* _Task requirements_
Transcribe the stretch of entries below from the line with "point P5 (25, 25)" through the line with "line L11 (14, 61) -> (36, 39) construction", exactly and with both ends included; leave out all other lines.

* _Source information_

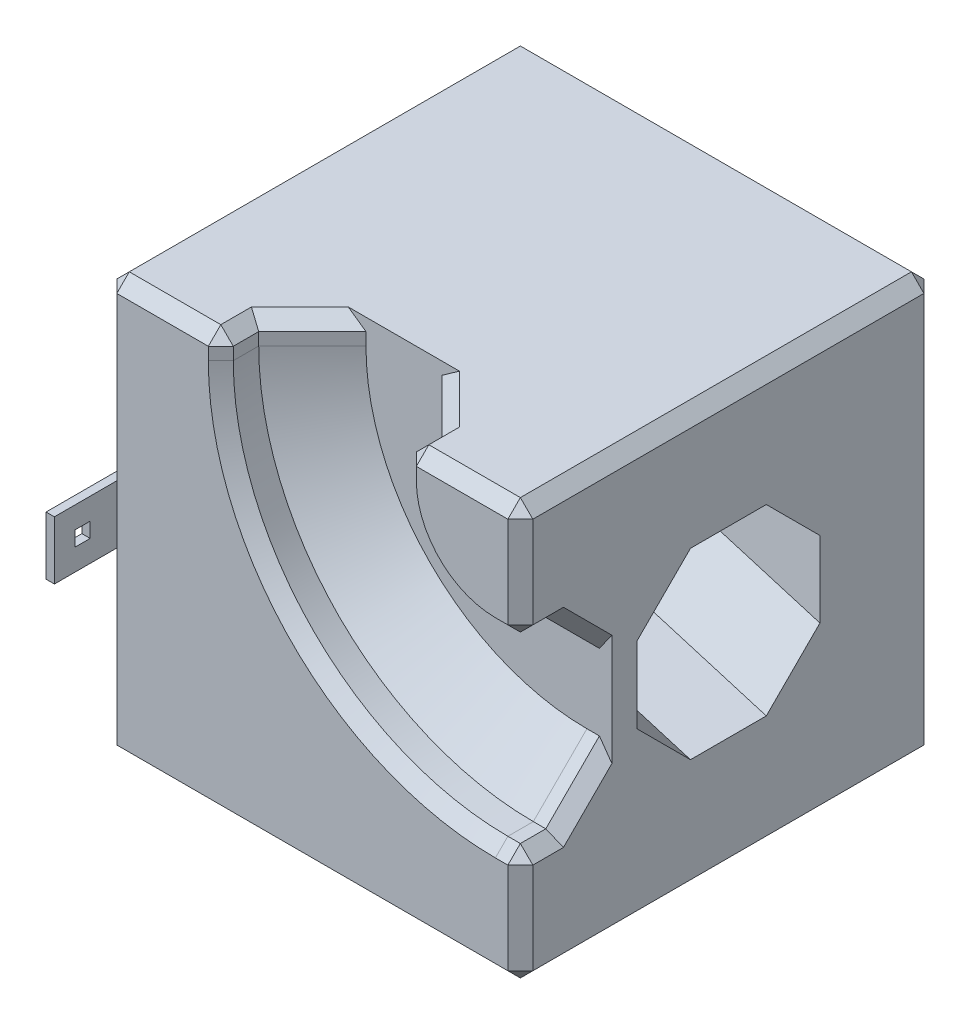
SolidWorks part; units mm, degrees
ref_plane "Front" through (0, 0, 0) normal (0, 0, 1) x (1, 0, 0)
ref_plane "Top" through (0, 0, 0) normal (0, 1, 0) x (1, 0, 0)
ref_plane "Right" through (0, 0, 0) normal (1, 0, 0) x (0, 0, -1)
sketch "Sketch1" plane through (0, 0, 0) normal (0, 0, 1) x (1, 0, 0)
  line L1 (0, 0) -> (50, 0)
  line L2 (0, 0) -> (0, 50)
  line L3 (0, 50) -> (50, 50)
  line L4 (50, 0) -> (50, 50)
  dimension "D1" = 50
extrude "Boss-Extrude1" add sketch "Sketch1" along normal blind 50
sketch "Sketch2" plane through (50, 0, 0) normal (-1, 0, 0) x (0, 0, 1)
  line L0 (25, 25) -> (25, 50) construction
  line L1 (50, 25) -> (25, 25) construction
  line L2 (50, 50) -> (50, 0) construction
  line L7 (50, 50) -> (0, 50) construction
  line L10 (14, 36) -> (36, 36) construction
  line L11 (14, 36) -> (14, 14) construction
  line L12 (14, 14) -> (36, 14) construction
  line L13 (36, 36) -> (36, 14) construction
  line L14 (36, 29.5563) -> (29.5563, 36)
  line L15 (14, 36) -> (36, 14) construction
  line L16 (29.5563, 36) -> (20.4437, 36)
  line L17 (14, 14) -> (36, 36) construction
  line L26 (20.4437, 36) -> (14, 29.5563)
  line L27 (14, 29.5563) -> (14, 20.4437)
  line L28 (14, 20.4437) -> (20.4437, 14)
  line L29 (20.4437, 14) -> (29.5563, 14)
  line L30 (29.5563, 14) -> (36, 20.4437)
  line L31 (36, 20.4437) -> (36, 29.5563)
  circle A1 centre (25, 25) radius 11 construction
  point P5 (25, 25)
  dimension "D1" = 22
sketch "Sketch3" plane through (0, 50, 0) normal (0, -1, 0) x (1, 0, 0)
  line L0 (0, 50) -> (50, 50) construction
  line L7 (14, 61) -> (36, 61) construction
  line L8 (14, 61) -> (14, 39) construction
  line L9 (14, 39) -> (36, 39) construction
  line L10 (36, 61) -> (36, 39) construction
  line L11 (14, 61) -> (36, 39) construction
  line L12 (14, 39) -> (36, 61) construction
  line L16 (29.5563, 39) -> (36, 45.4437)
  line L17 (36, 45.4437) -> (36, 54.5563)
  line L18 (36, 54.5563) -> (29.5563, 61)
  line L19 (29.5563, 61) -> (20.4437, 61)
  line L20 (20.4437, 61) -> (14, 54.5563)
  line L21 (14, 54.5563) -> (14, 45.4437)
  line L22 (14, 45.4437) -> (20.4437, 39)
  line L23 (20.4437, 39) -> (29.5563, 39)
  circle A0 centre (25, 50) radius 11 construction
  point P5 (25, 50)
  dimension "D1" = 22
sketch "Sketch4" plane through (0, 0, 50) normal (0, 0, 1) x (1, 0, 0)
  line L0 (25, 50) -> (25, 47)
  line L1 (47, 25) -> (50, 25)
  line L2 (50, 0) -> (50, 50) construction
  arc A0 (25, 47) -> (47, 25) centre (47, 47) ccw
  dimension "D1" = 22
sweep "Cut-Sweep2" cut profiles "Sketch3" path "Sketch4"
sketch "Sketch5" plane through (0, 0, 0) normal (-1, 0, 0) x (0, 0, 1)
  line L0 (36, 20.4437) -> (36, 29.5563) construction
  line L1 (24.5, 20.4437) -> (24.5, 29.5563)
  line L2 (24.5, 29.5563) -> (18.0563, 36)
  line L3 (18.0563, 36) -> (8.9437, 36)
  line L4 (8.9437, 36) -> (2.5, 29.5563)
  line L5 (2.5, 29.5563) -> (2.5, 20.4437)
  line L6 (2.5, 20.4437) -> (8.9437, 14)
  line L7 (8.9437, 14) -> (18.0563, 14)
  line L8 (18.0563, 14) -> (24.5, 20.4437)
  line L9 (20.4437, 14) -> (29.5563, 14) construction
  line L10 (0, 25) -> (25, 25) construction
  line L11 (0, 50) -> (0, 0) construction
  circle A0 centre (13.5, 25) radius 11 construction
  dimension "D1" = 2.5
loft "Cut-Loft1" cut profiles "Sketch5", "Sketch2"
chamfer "Chamfer1" distance 1.5 angle 45 28 edges at (48.5, 14, 50) (14, 48.5, 50) (23.6655, 23.6655, 50) (36, 48.5, 50) (39.2218, 39.2218, 50) (0, 25, 0) (25, 50, 0) (0, 50, 25) (32.7782, 50, 42.2218) (36, 50, 47.7218) (25, 0, 0) (0, 0, 25) (17.2218, 50, 42.2218) (14, 50, 47.7218) (7, 50, 50) (0, 25, 50) (25, 0, 50) (50, 17.2218, 42.2218) (50, 14, 47.7218) (50, 7, 50) (50, 0, 25) (50, 25, 0) (50, 50, 25) (50, 32.7782, 42.2218) (43, 50, 50) (50, 43, 50) (48.5, 36, 50) (50, 36, 47.7218)
sketch "Sketch6" plane through (0, 0, 50) normal (0, 0, 1) x (1, 0, 0)
  line L0 (0, 1.5) -> (0, 48.5) construction
  line L1 (0, 28.5) -> (1, 28.5)
  line L2 (0, 28.5) -> (0, 21.5)
  line L3 (0, 21.5) -> (1, 21.5)
  line L4 (1, 28.5) -> (1, 21.5)
  point P6 (0, 25)
  dimension "D1" = 1
  dimension "D2" = 7
extrude "Boss-Extrude2" add sketch "Sketch6" along normal blind 7 and the other way blind 7
sketch "Sketch7" plane through (1, 0, 0) normal (1, 0, 0) x (0, 0, -1)
  line L0 (-57, 21.5) -> (-57, 28.5) construction
  line L1 (-54.5, 24.1) -> (-52.7, 24.1)
  line L2 (-54.5, 24.1) -> (-54.5, 25.9)
  line L3 (-54.5, 25.9) -> (-52.7, 25.9)
  line L4 (-52.7, 24.1) -> (-52.7, 25.9)
  line L5 (-54.5, 25) -> (-57, 25) construction
  dimension "D1" = 2.5
  dimension "D2" = 1.8
extrude "Cut-Extrude1" cut sketch "Sketch7" against normal blind 7

* _Reply to the task_
  point P5 (25, 25)
  dimension "D1" = 22
sketch "Sketch3" plane through (0, 50, 0) normal (0, -1, 0) x (1, 0, 0)
  line L0 (0, 50) -> (50, 50) construction
  line L7 (14, 61) -> (36, 61) construction
  line L8 (14, 61) -> (14, 39) construction
  line L9 (14, 39) -> (36, 39) construction
  line L10 (36, 61) -> (36, 39) construction
  line L11 (14, 61) -> (36, 39) construction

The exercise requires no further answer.